Keep Spokane Kind of Gross: Develop Spokane without losing its culture, charm
SPOKANE, Wash. — A grassroots movement is encouraging people to embrace the more unsightly parts of Spokane.
You’ve probably heard of many city slogans, like Spokane’s “Near Nature Near Perfect,” or its newer brand “Creative by Nature,” or maybe even Portland’s “Keep Portland Weird,” but what are we supposed to make of this one: “Keep Spokane Kind of Gross”?
“We’ve had interesting reactions to it where some people get really defensive and say, ‘it’s not gross!'” said Taylor Weech, one of the co-creators.
But the creators of this slogan love Spokane just as much as you do.
“It’s about hanging on to the things that make us who we are,” said co-creator Erika Prins Simonds.
Weech and Prins Simonds came up with the slogan one day while recording a podcast, and reminiscing about Riverfront Park’s renovation.
“As much as it is exciting and change is good, but there’s some sadness to losing the pieces of your childhood that are physical places,” Erika explained.
In that conversation, the idea of “Keep Spokane Kind of Gross” was born.
Taylor grew up here.
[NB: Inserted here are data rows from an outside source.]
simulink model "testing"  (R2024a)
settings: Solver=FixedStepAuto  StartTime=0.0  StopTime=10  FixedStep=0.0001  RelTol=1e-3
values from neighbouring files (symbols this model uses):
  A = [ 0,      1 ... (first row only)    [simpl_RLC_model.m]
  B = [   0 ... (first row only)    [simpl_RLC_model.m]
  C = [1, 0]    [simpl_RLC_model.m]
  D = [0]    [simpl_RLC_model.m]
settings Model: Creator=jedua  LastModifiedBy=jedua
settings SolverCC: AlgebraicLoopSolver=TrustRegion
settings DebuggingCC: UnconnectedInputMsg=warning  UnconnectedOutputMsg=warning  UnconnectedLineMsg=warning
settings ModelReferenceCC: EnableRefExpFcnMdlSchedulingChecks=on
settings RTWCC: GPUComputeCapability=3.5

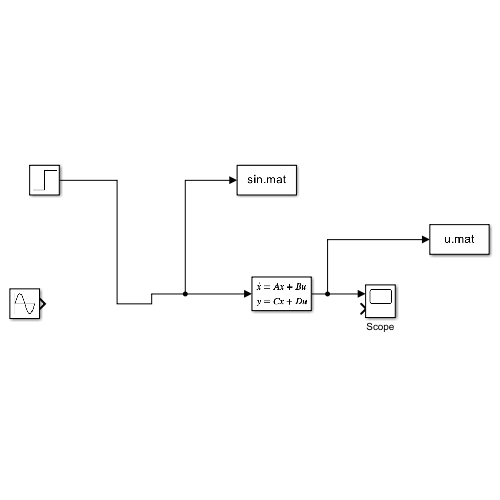
[thumbnail: Simulink's stored preview of the top-level diagram]
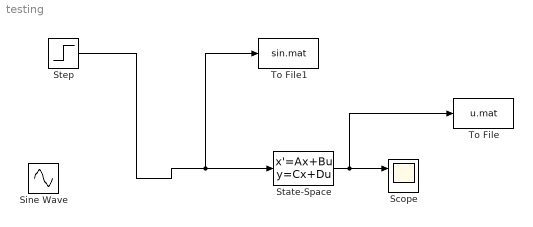
== system testing ==
  Scope : Scope  NumInputPorts=2
  Sine Wave : Sin  Amplitude=100  Frequency=10  SampleTime=0
  State-Space : StateSpace  A=A  B=B  C=C  D=D  InitialCondition=0
  Step : Step  Time=0  After=100  SampleTime=0
  To File : ToFile  Filename=u.mat  MatrixName=u
  To File1 : ToFile  Filename=sin.mat  MatrixName=sin
  wires:
  State-Space/1 -> To File/1, Scope/1
  Step/1 -> To File1/1, State-Space/1
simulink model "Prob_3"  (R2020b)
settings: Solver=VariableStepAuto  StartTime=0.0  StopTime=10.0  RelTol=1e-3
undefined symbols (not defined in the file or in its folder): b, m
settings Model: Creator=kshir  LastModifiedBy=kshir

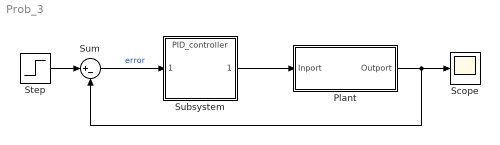
== system Prob_3 ==
  Plant : Subsystem
  Scope : Scope
  Step : Step  Time=0  After=u  SampleTime=0
  Subsystem : ModelReference  ModelNameDialog=PID_controller  SimulationMode=Normal  ModelReferenceVersion=1.3
  Sum : Sum  Inputs=|+-
  wires:
  Sum/1 -> Subsystem/1  "error"
  Step/1 -> Sum/1
  Plant/1(Outport) -> Sum/2, Scope/1
  Subsystem/1 -> Plant/1(Inport)

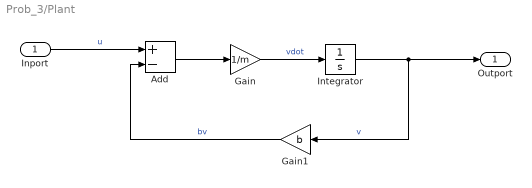
== system Prob_3/Plant ==
  Inport : Inport
  Add : Sum  Inputs=+-
  Gain : Gain  Gain=1/m
  Gain1 : Gain  Gain=b
  Integrator : Integrator
  Outport : Outport
  wires:
  Gain1/1 -> Add/2  "bv"
  Add/1 -> Gain/1
  Integrator/1 -> Outport/1, Gain1/1  "v"
  Gain/1 -> Integrator/1  "vdot"
  Inport/1 -> Add/1  "u"
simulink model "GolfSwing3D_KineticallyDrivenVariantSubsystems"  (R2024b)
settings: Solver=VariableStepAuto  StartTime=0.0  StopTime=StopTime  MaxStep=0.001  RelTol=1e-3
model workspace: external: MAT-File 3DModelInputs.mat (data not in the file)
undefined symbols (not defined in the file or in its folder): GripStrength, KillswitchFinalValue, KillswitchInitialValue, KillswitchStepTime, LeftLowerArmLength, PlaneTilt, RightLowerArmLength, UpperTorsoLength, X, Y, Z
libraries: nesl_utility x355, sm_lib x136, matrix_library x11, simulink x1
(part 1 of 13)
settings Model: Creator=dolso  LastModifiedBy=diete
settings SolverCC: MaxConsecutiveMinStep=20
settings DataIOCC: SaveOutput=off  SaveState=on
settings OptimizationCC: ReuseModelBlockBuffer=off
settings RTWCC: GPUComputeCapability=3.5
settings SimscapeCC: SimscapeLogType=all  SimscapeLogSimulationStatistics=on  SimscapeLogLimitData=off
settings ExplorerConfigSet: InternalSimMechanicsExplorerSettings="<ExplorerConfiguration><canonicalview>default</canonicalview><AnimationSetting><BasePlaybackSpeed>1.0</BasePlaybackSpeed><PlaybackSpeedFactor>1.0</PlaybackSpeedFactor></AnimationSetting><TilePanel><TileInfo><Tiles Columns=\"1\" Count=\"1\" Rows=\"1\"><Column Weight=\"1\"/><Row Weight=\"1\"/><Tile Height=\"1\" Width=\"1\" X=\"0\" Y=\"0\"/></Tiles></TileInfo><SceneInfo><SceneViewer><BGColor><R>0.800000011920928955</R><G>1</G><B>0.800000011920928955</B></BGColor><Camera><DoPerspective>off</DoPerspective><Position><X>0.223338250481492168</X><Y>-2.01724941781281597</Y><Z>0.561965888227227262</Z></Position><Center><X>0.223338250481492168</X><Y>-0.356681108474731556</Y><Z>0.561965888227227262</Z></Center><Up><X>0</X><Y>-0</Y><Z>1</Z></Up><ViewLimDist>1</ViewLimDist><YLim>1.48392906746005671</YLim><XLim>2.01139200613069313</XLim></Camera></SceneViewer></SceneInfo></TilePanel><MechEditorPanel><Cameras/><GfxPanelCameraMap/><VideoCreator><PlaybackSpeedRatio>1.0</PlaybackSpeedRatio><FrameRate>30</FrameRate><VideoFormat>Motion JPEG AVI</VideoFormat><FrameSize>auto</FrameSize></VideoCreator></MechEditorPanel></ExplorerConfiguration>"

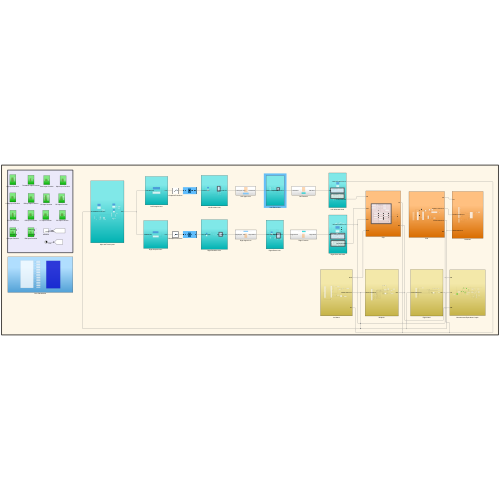
[thumbnail: Simulink's stored preview of the top-level diagram]
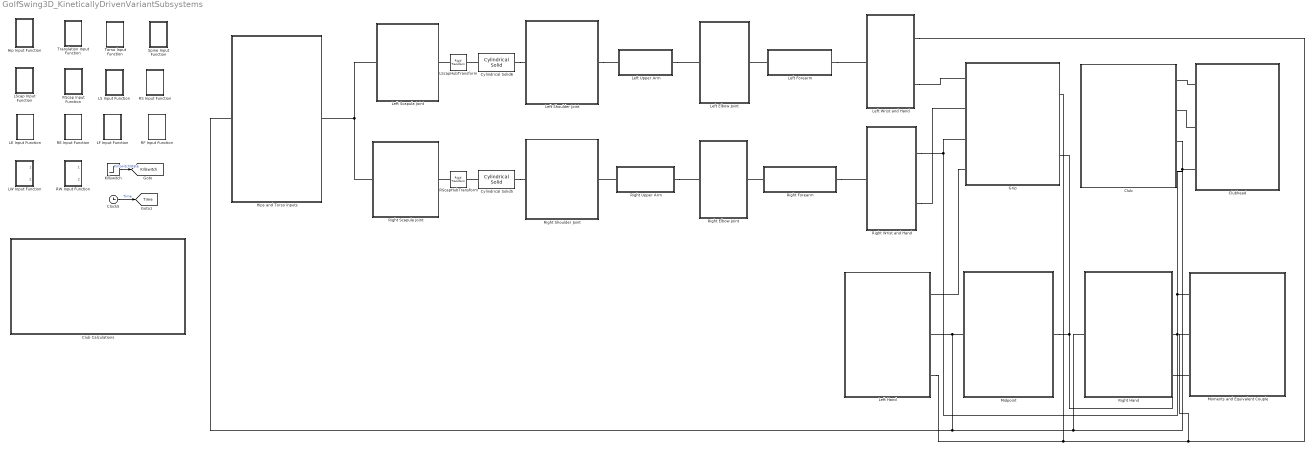
== system GolfSwing3D_KineticallyDrivenVariantSubsystems ==
  Clock5 : Clock
  Club : Subsystem
  Club Calculations : Subsystem
  Clubhead : Subsystem
  Cylindrical Solid5 : sm_lib/Body Elements/Cylindrical Solid  CylinderRadius=3  CylinderRadiusUnits=in  CylinderLength=10  CylinderLengthUnits=in  ExportEntireGeometry=off  InertiaType=CalculateFromGeometry  BasedOnType=Mass  Density=2000  DensityUnits=kg/m^3  Mass=10  MassUnits=kg  CenterOfMass=[0 0 0]  CenterOfMassUnits=m  MomentsOfInertia=[1 1 1]  MomentsOfInertiaUnits=kg*m^2  ProductsOfInertia=[0 0 0]  ProductsOfInertiaUnits=kg*m^2  GraphicType=FromGeometry  MarkerShape=Sphere  MarkerSize=10  GraphicVisPropType=SimpleVisualProperties  GraphicDiffuseColor=[0.2 0.2 1.0]  GraphicOpacity=1.0  GraphicSpecularColor=[0.5 0.5 0.5 1.0]  GraphicAmbientColor=[0.15 0.15 0.15 1.0]  GraphicEmissiveColor=[0.0 0.0 0.0 1.0]  GraphicShininess=75  DoExposeReferenceFrame=off  SerializedFrames=<Frames><Frame><Id>Frame1</Id><Value><Name>Hub</Name><Origin><Source>GeometricFeature</Source><FeatureName>top curve</FeatureName></Origin><PrimaryAxis><DefinedDirection>+X</DefinedDirection><Source>ReferenceFrame</Source><SourceDirection>-Z</SourceDirection><FeatureName></FeatureName></PrimaryAxis><SecondaryAxis><DefinedDirection>+Z</DefinedDirection><Source>ReferenceFrame</Source><SourceDirection>+Y</SourceDirection><FeatureName></FeatureName></SecondaryAxis></Value></Frame><Frame><Id>Frame2</Id><Value><Name>Right Shoulder</Name><Origin><Source>GeometricFeature</Source><FeatureName>bottom curve</FeatureName></Origin><PrimaryAxis><DefinedDirection>-X</DefinedDirection><Source>ReferenceFrame</Source><SourceDirection>+Z</SourceDirection><FeatureName></FeatureName></PrimaryAxis><SecondaryAxis><DefinedDirection>+Y</DefinedDirection><Source>ReferenceFrame</Source><SourceDirection>+X</SourceDirection><FeatureName></FeatureName></SecondaryAxis></Value></Frame></Frames>
  Cylindrical Solid6 : sm_lib/Body Elements/Cylindrical Solid  CylinderRadius=3  CylinderRadiusUnits=in  CylinderLength=10  CylinderLengthUnits=in  ExportEntireGeometry=off  InertiaType=CalculateFromGeometry  BasedOnType=Mass  Density=2000  DensityUnits=kg/m^3  Mass=10  MassUnits=kg  CenterOfMass=[0 0 0]  CenterOfMassUnits=m  MomentsOfInertia=[1 1 1]  MomentsOfInertiaUnits=kg*m^2  ProductsOfInertia=[0 0 0]  ProductsOfInertiaUnits=kg*m^2  GraphicType=FromGeometry  MarkerShape=Sphere  MarkerSize=10  GraphicVisPropType=SimpleVisualProperties  GraphicDiffuseColor=[0.2 0.2 1.0]  GraphicOpacity=1.0  GraphicSpecularColor=[0.5 0.5 0.5 1.0]  GraphicAmbientColor=[0.15 0.15 0.15 1.0]  GraphicEmissiveColor=[0.0 0.0 0.0 1.0]  GraphicShininess=75  DoExposeReferenceFrame=off  SerializedFrames=<Frames><Frame><Id>Frame1</Id><Value><Name>Hub</Name><Origin><Source>GeometricFeature</Source><FeatureName>top curve</FeatureName></Origin><PrimaryAxis><DefinedDirection>+X</DefinedDirection><Source>ReferenceFrame</Source><SourceDirection>-Z</SourceDirection><FeatureName></FeatureName></PrimaryAxis><SecondaryAxis><DefinedDirection>+Z</DefinedDirection><Source>ReferenceFrame</Source><SourceDirection>+Y</SourceDirection><FeatureName></FeatureName></SecondaryAxis></Value></Frame><Frame><Id>Frame2</Id><Value><Name>Left Shoulder</Name><Origin><Source>GeometricFeature</Source><FeatureName>bottom curve</FeatureName></Origin><PrimaryAxis><DefinedDirection>-X</DefinedDirection><Source>ReferenceFrame</Source><SourceDirection>+Z</SourceDirection><FeatureName></FeatureName></PrimaryAxis><SecondaryAxis><DefinedDirection>+Y</DefinedDirection><Source>ReferenceFrame</Source><SourceDirection>+X</SourceDirection><FeatureName></FeatureName></SecondaryAxis></Value></Frame></Frames>
  Grip : Subsystem
  Hip Input Function : Subsystem
  Hips and Torso Inputs : Subsystem
  Killswitch : Step  Time=KillswitchStepTime  Before=KillswitchInitialValue  After=KillswitchFinalValue  SampleTime=0
  LE Input Function : Subsystem
  LF Input Function : Subsystem
  LS Input Function : Subsystem
  LScap Input Function : Subsystem
  LScapHubTransform : sm_lib/Frames and Transforms/Rigid Transform  RotationMethod=RotationSequence  FollAlignAxisA=+X  BaseAlignAxisA=+Y  FollAlignAxisB=+Y  BaseAlignAxisB=+Z  RotationStandardAxis=+Z  RotationAngle=0  RotationAngleUnits=deg  RotationArbitraryAxis=[0 0 1]  RotationSequenceAxes=FollowerAxes  RotationSequence=ZXY  RotationSequenceAngles=[0 0 90]  RotationSequenceAnglesUnits=deg  RotationMatrix=[1 0 0;0 1 0;0 0 1]  Quaternion=[1 0 0 0]  TranslationMethod=None  TranslationCartesianOffset=[0 0 0]  TranslationCartesianOffsetUnits=m  TranslationStandardAxis=+Z  TranslationStandardOffset=0  TranslationStandardOffsetUnits=m  TranslationROffset=0  TranslationROffsetUnits=m  TranslationThetaOffset=0  TranslationThetaOffsetUnits=deg  TranslationZOffset=0  TranslationZOffsetUnits=m
  LW Input Function : Subsystem
  Left Elbow Joint : Subsystem
  Left Forearm : Subsystem
  Left Hand : Subsystem
  Left Scapula Joint : Subsystem
  Left Shoulder Joint : Subsystem
  Left Upper Arm : Subsystem
  Left Wrist and Hand : Subsystem
  Midpoint : Subsystem
  Moments and Equivalent Couple : Subsystem
  RE Input Function : Subsystem
  RF Input Function : Subsystem
  RS Input Function : Subsystem
  RScap Input Function : Subsystem
  RScapHubTransform : sm_lib/Frames and Transforms/Rigid Transform  RotationMethod=RotationSequence  FollAlignAxisA=+X  BaseAlignAxisA=+Y  FollAlignAxisB=+Y  BaseAlignAxisB=+Z  RotationStandardAxis=+Z  RotationAngle=0  RotationAngleUnits=deg  RotationArbitraryAxis=[0 0 1]  RotationSequenceAxes=FollowerAxes  RotationSequence=YXZ  RotationSequenceAngles=[-90 180 0]  RotationSequenceAnglesUnits=deg  RotationMatrix=[1 0 0;0 1 0;0 0 1]  Quaternion=[1 0 0 0]  TranslationMethod=None  TranslationCartesianOffset=[0 0 0]  TranslationCartesianOffsetUnits=m  TranslationStandardAxis=+Z  TranslationStandardOffset=0  TranslationStandardOffsetUnits=m  TranslationROffset=0  TranslationROffsetUnits=m  TranslationThetaOffset=0  TranslationThetaOffsetUnits=deg  TranslationZOffset=0  TranslationZOffsetUnits=m
  RW Input Function : Subsystem
  Right Elbow Joint : Subsystem
  Right Forearm : Subsystem
  Right Hand : Subsystem
  Right Scapula Joint : Subsystem
  Right Shoulder Joint : Subsystem
  Right Upper Arm : Subsystem
  Right Wrist and Hand : Subsystem
  Spine Input Function : Subsystem
  Torso Input Function : Subsystem
  Translation Input Function : Subsystem
  tag scope: Killswitch=global, Time=global
  wires:
  Clock5/1 -> [Time]  "Time"
  Killswitch/1 -> [Killswitch]  "KillswitchState"
  connections:
  Cylindrical Solid6/RConn1 -- Left Shoulder Joint/LConn1
  Left Scapula Joint/LConn1 -- Right Scapula Joint/LConn1 -- Hips and Torso Inputs/LConn1
  LScapHubTransform/LConn1 -- Left Scapula Joint/RConn1
  Cylindrical Solid5/LConn1 -- RScapHubTransform/RConn1
  RScapHubTransform/LConn1 -- Right Scapula Joint/RConn1
  Cylindrical Solid6/LConn1 -- LScapHubTransform/RConn1
  Cylindrical Solid5/RConn1 -- Right Shoulder Joint/LConn1
  Hips and Torso Inputs/RConn1 -- Club/RConn3 -- Clubhead/LConn3 -- Right Hand/LConn1 -- Left Hand/RConn2 -- Midpoint/LConn1
  Left Wrist and Hand/RConn1 -- Left Hand/RConn3 -- Grip/RConn1 -- Moments and Equivalent Couple/LConn2
  Right Wrist and Hand/RConn1 -- Club/RConn4 -- Moments and Equivalent Couple/LConn1 -- Right Hand/RConn1 -- Grip/LConn3
  Left Wrist and Hand/RConn2 -- Grip/LConn1
  Right Wrist and Hand/RConn2 -- Grip/LConn2
  Grip/LConn4 -- Left Hand/RConn1
  Clubhead/LConn1 -- Club/RConn1
  Clubhead/LConn2 -- Club/RConn2
  Midpoint/RConn1 -- Moments and Equivalent Couple/LConn3 -- Grip/RConn2
  Left Shoulder Joint/RConn1 -- Left Upper Arm/LConn1
  Left Upper Arm/RConn1 -- Left Elbow Joint/LConn1
  Left Forearm/LConn1 -- Left Elbow Joint/RConn1
  Left Forearm/RConn1 -- Left Wrist and Hand/LConn1
  Right Upper Arm/LConn1 -- Right Shoulder Joint/RConn1
  Right Upper Arm/RConn1 -- Right Elbow Joint/LConn1
  Right Forearm/LConn1 -- Right Elbow Joint/RConn1
  Right Forearm/RConn1 -- Right Wrist and Hand/LConn1

== system GolfSwing3D_KineticallyDrivenVariantSubsystems/Club ==
  Club COM : nesl_utility/PS-Simulink Converter  PhysicalDomain=network_engine_domain  SubClassName=ps_output  LeftPortType=input  RightPortType=output  PseudoPeriodic=off  Frequencies=[]  VectorFormat=1-D array  Unit=inherit  AffineConversion=off
  Club Mass : nesl_utility/PS-Simulink Converter  PhysicalDomain=network_engine_domain  SubClassName=ps_output  LeftPortType=input  RightPortType=output  PseudoPeriodic=off  Frequencies=[]  VectorFormat=1-D array  Unit=inherit  AffineConversion=off
  Clubface Vector : sm_lib/Body Elements/Cylindrical Solid  CylinderRadius=0.25  CylinderRadiusUnits=in  CylinderLength=CFVectorLength  CylinderLengthUnits=in  ExportEntireGeometry=off  InertiaType=CalculateFromGeometry  BasedOnType=Mass  Density=500  DensityUnits=kg/m^3  Mass=0  MassUnits=g  CenterOfMass=[0 0 0]  CenterOfMassUnits=m  MomentsOfInertia=[1 1 1]  MomentsOfInertiaUnits=kg*m^2  ProductsOfInertia=[0 0 0]  ProductsOfInertiaUnits=kg*m^2  GraphicType=FromGeometry  MarkerShape=Sphere  MarkerSize=10  GraphicVisPropType=SimpleVisualProperties  GraphicDiffuseColor=[0.4941 0.1843 0.5569]  GraphicOpacity=1.0  GraphicSpecularColor=[0.5 0.5 0.5 1.0]  GraphicAmbientColor=[0.15 0.15 0.15 1.0]  GraphicEmissiveColor=[0.0 0.0 0.0 1.0]  GraphicShininess=75  DoExposeReferenceFrame=off  SerializedFrames=<Frames><Frame><Id>Frame1</Id><Value><Name>Club Center</Name><Origin><Source>GeometricFeature</Source><FeatureName>top curve</FeatureName></Origin><PrimaryAxis><DefinedDirection>-Y</DefinedDirection><Source>ReferenceFrame</Source><SourceDirection>+Z</SourceDirection><FeatureName></FeatureName></PrimaryAxis><SecondaryAxis><DefinedDirection>+X</DefinedDirection><Source>ReferenceFrame</Source><SourceDirection>+Y</SourceDirection><FeatureName></FeatureName></SecondaryAxis></Value></Frame><Frame><Id>Frame2</Id><Value><Name>Center of Bottom</Name><Origin><Source>GeometricFeature</Source><FeatureName>bottom surface</FeatureName></Origin><PrimaryAxis><DefinedDirection>+Z</DefinedDirection><Source>ReferenceFrame</Source><SourceDirection>+Z</SourceDirection><FeatureName></FeatureName></PrimaryAxis><SecondaryAxis><DefinedDirection>+X</DefinedDirection><Source>ReferenceFrame</Source><SourceDirection>+X</SourceDirection><FeatureName></FeatureName></SecondaryAxis></Value></Frame></Frames>
  Clubhead : sm_lib/Body Elements/Spherical Solid  SphereRadius=ClubheadRadius  SphereRadiusUnits=in  ExportEntireGeometry=off  InertiaType=CalculateFromGeometry  BasedOnType=Mass  Density=500  DensityUnits=kg/m^3  Mass=0.25  MassUnits=kg  CenterOfMass=[0 0 0]  CenterOfMassUnits=m  MomentsOfInertia=[1 1 1]  MomentsOfInertiaUnits=kg*m^2  ProductsOfInertia=[0 0 0]  ProductsOfInertiaUnits=kg*m^2  GraphicType=FromGeometry  MarkerShape=Sphere  MarkerSize=10  GraphicVisPropType=SimpleVisualProperties  GraphicDiffuseColor=[0.0 0.0 0.0]  GraphicOpacity=1.0  GraphicSpecularColor=[0.5 0.5 0.5 1.0]  GraphicAmbientColor=[0.15 0.15 0.15 1.0]  GraphicEmissiveColor=[0.0 0.0 0.0 1.0]  GraphicShininess=75  DoExposeReferenceFrame=on  SerializedFrames=<Frames/>
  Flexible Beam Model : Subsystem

She’s happy to see the improving economy, but wonders if new development could make the city of her childhood unrecognizable.
“It’s a working class town,” Taylor said. “it’s got grit, it’s got scrappiness, and that’s something I’ve always really enjoyed about it.”
Erika is a transplant, and stayed here after graduating from Whitworth. She describes her hometown in California as “cookie cutter.”
“Some of the stuff that people here consider an eyesore or gross, is what I like about living in a place like this, that it has some history to it and it has some character to it, and everything isn’t corporate,” Erika explained.
Erika and Taylor aren’t against growth and change, but they want people to think about the effects of gentrification in Spokane.
“There’s differences in how other cities in the northwest have grown,” Erika said. “Seattle is an example of a city that hasn’t paid a lot of attention to preserving the core of its culture, and Portland is an example of a place that recognized really early on it had a lot to lose if they let go of the grungier, scrappier roots they have.”
This idea seems to resonate with many Spokanites, and what started as an inside joke, has grown into a movement, complete with its own hashtag.
“People just really caught onto it,” Taylor said. “I really can’t explain how it happened.”
Now, the stickers and t-shirts are being sold in a shop whose owner admits is also “kind of gross.”
“I like to carry the sorts of books that other book stores are afraid to carry,” said Giant Nerd Books owner Nathan Huston.
Huston grew up in Spokane in the 1970s and 1980s, and says the city has always had a bit of an identity crisis.
“Seattle has always been a medium-sized city that wants to be this giant metropolis,” he said. “Spokane has always been a medium-sized city that wants to be a small town.”
He’s optimistic about the developments, but also skeptical of how it will affect the Average Joe.
“There’s only so much money to go around,” he said, “and an eye toward the longer term should be a concern of everybody’s.”
Maybe “Keep Spokane Kind of Gross” means something a little different to everyone because Spokane’s identity is hard to pin down.
But as a transplant to Spokane myself, I believe this much: Spokane’s charm grows the longer you’re around to peel back the layers of what could be considered “gross” and discover the hidden gems in this place we call home.
“Keeping our growth locally grassroots, have local people know what local solutions need to be to problems, and to grow with our values intact,” Taylor said.
If you want to pick up your own “Keep Spokane Kind of Gross” sticker, you can do it at Giant Nerd Books on Monroe Avenue.